Sunday, July 10, 2011

Moving On

The patient was kind and gentle, and looked younger than his medical record might indicate. His cardiac history was immense – heart attacks, bypass surgery, and the resulting compensatory physiology that makes for a weak heart and poor operative candidate. And now he had a bowel obstruction, and though the exact cause was unknown, it seemed that surgery was his only option. His high-risk cardiac status notwithstanding, we took him to the OR. He was nervous but upbeat, and the night before the big day looked me in the eye and told me that he had all the confidence in the world that we would do right by him.

The surgery itself went fine, but it took an unusually long time. His intestines were worse than we imagined – abdominal surgery from many years ago had caused massive scarring that pulled his distal bowel into a knot of obstruction. Painstakingly we relieved every adhesion, and resected what we needed to.

As I said, the surgery itself went fine. By that I mean that there was no excessive bleeding or injury or anything like that. But it took too long. And his heart couldn’t handle it. Later that night he had a heart attack and died.

Oftentimes in surgery we are dealt a bad hand, insofar as the patients are sick and in a pretty desperate state. This is no more true than in trauma surgery – people get shot or have an accident, and while that is tragic we are forced to do only our best with what we have to work with. But in surgery like we performed on this gentleman, we have more of an active role. And we have more options at our disposal. No, we didn’t kill him directly, but he did die as a direct result of what we did. At least for me, the hurt from losing a patient like this is the worse kind.

The next day I spoke with the attending surgery and we replayed the whole thing, and every decision we made. We second-guessed certain things, but ultimately decided that we did the best we could given a bad situation. I guess the morbidity and mortality conference at the end of the month will judge us in their own way.

Our conversation was cut short by the OR staff telling us that our patient was ready for us in room two. This patient had come into the office about a week ago and needed her gallbladder removed. Just as the gentleman had placed his confidence in us, so too was this women deciding to go under the knife with us in control of her fate. She didn’t know of the events from the night prior, nor would she learn of them. She needed surgery, and she needed a surgeon who could perform that safely.
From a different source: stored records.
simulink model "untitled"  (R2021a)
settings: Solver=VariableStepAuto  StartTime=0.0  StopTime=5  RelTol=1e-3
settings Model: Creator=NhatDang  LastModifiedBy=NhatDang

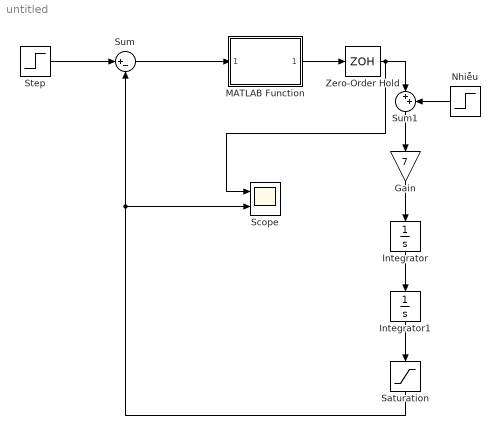
== system untitled ==
  Gain : Gain  Gain=7
  Integrator : Integrator
  Integrator1 : Integrator  InitialCondition=0.17
  MATLAB Function : MATLAB Function  TreatAsAtomicUnit=on
  Nhiễu : Step  Time=3.0  After=0.05  SampleTime=0
  Saturation : Saturate
  Scope : Scope  NumInputPorts=2
  Step : Step  Before=0.17  After=0.30  SampleTime=0
  Sum : Sum  Inputs=|+-
  Sum1 : Sum  Inputs=|++
  Zero-Order Hold : ZeroOrderHold  SampleTime=0.01
  wires:
  Step/1 -> Sum/1
  Sum/1 -> MATLAB Function/1(error_m)
  MATLAB Function/1(servo_rad) -> Zero-Order Hold/1
  Gain/1 -> Integrator/1
  Integrator/1 -> Integrator1/1
  Integrator1/1 -> Saturation/1
  Saturation/1 -> Sum/2, Scope/2
  Zero-Order Hold/1 -> Scope/1, Sum1/1
  Sum1/1 -> Gain/1
  Nhiễu/1 -> Sum1/2

== matlab function untitled/MATLAB Function ==
  settings: updateMethod=DISCRETE
  data: error_m input; servo_rad output
function servo_rad = fcn(error_m)
    % ==================================================
    % CẤU HÌNH PID
    % ==================================================
    Kp = 18.7;   
    
    Ki = 2.5;    
    
    Kd = 3.0;    
    
    % Giới hạn tích phân (Anti-Windup Limit)
    I_MAX_EFFECT = 3.0; 

    % ==================================================
    % XỬ LÝ TÍN HIỆU
    % ==================================================
    % 1. Quy đổi mét sang cm 
    error_cm = error_m * 100;
    dt = 0.01; % Sample time 10ms
    
    % 2. Khai báo biến nhớ
    persistent prev_err;
    persistent integral;
    
    if isempty(prev_err); prev_err = 0; end
    if isempty(integral); integral = 0; end
    
    % ==================================================
    % TÍNH TOÁN PID
    % ==================================================
    
    % --- P (Proportional) ---
    P_term = Kp * error_cm;
    
    % --- I (Integral) + ANTI-WINDUP ---
    % Cộng dồn lỗi
    integral = integral + (error_cm * dt);
    
    % Tính thành phần I
    I_term = Ki * integral;
    
    % [KỸ THUẬT KẸP CỔ] Anti-Windup Clamping
    % Nếu I_term quá lớn, cắt bớt ngay lập tức.
    % Giúp bi không bị vọt lố khi chạy đường dài.
    if I_term > I_MAX_EFFECT
        I_term = I_MAX_EFFECT;
        % Mẹo: Cập nhật ngược lại biến integral để nó không bị "ảo"
        integral = I_MAX_EFFECT / Ki;
    elseif I_term < -I_MAX_EFFECT
        I_term = -I_MAX_EFFECT;
        integral = -I_MAX_EFFECT / Ki;
    end
    
    % --- D (Derivative) ---
    derivative = (error_cm - prev_err) / dt;
    D_term = Kd * derivative;
    
    % --- TỔNG HỢP ---
    % Output là GÓC NGHIÊNG (Độ)
    raw_angle_deg = P_term + I_term + D_term;
    
    % ==================================================
    % GIỚI HẠN VẬT LÝ (SATURATION)
    % ==================================================
    MAX_SERVO_ANGLE = 20.0; % Góc tối đa cho phép
    
    if raw_angle_deg > MAX_SERVO_ANGLE; raw_angle_deg = MAX_SERVO_ANGLE; end
    if raw_angle_deg < -MAX_SERVO_ANGLE; raw_angle_deg = -MAX_SERVO_ANGLE; end
    
    % Đổi ra Radian trả về cho Simulink
    servo_rad = raw_angle_deg * (pi/180);
    
    % Lưu trạng thái cũ
    prev_err = error_cm;
end

As I scrubbed for our new patient, the events from the night before slowly faded away. With every pass of the scrub brush, the memories dissipated. When the gown and gloves were placed on me, the feeling of loss had gone. And when I was handed the scalpel, all that mattered in the whole world was her gallbladder.

What was done was done. I could second-guess, I could doubt, I could question all I wanted to – it wouldn’t have mattered. I could feel bad for myself, I could cry, I could complain, but it wouldn’t change what I had to do. Reliving the past not only would do me no good, it would potentially hurt our next patient.

This isn’t to say that I can’t learn from the past – of course I can! We all can, and all should. But when we have moved past a challenge, regardless of the outcome, the most important thing at that moment is to focus on what is up ahead.

Surgery residency teaching many things, and surgery is only one of them. How to move is another. And that gallbladder came out just fine - she is now home, safe, and moving forward with her own life.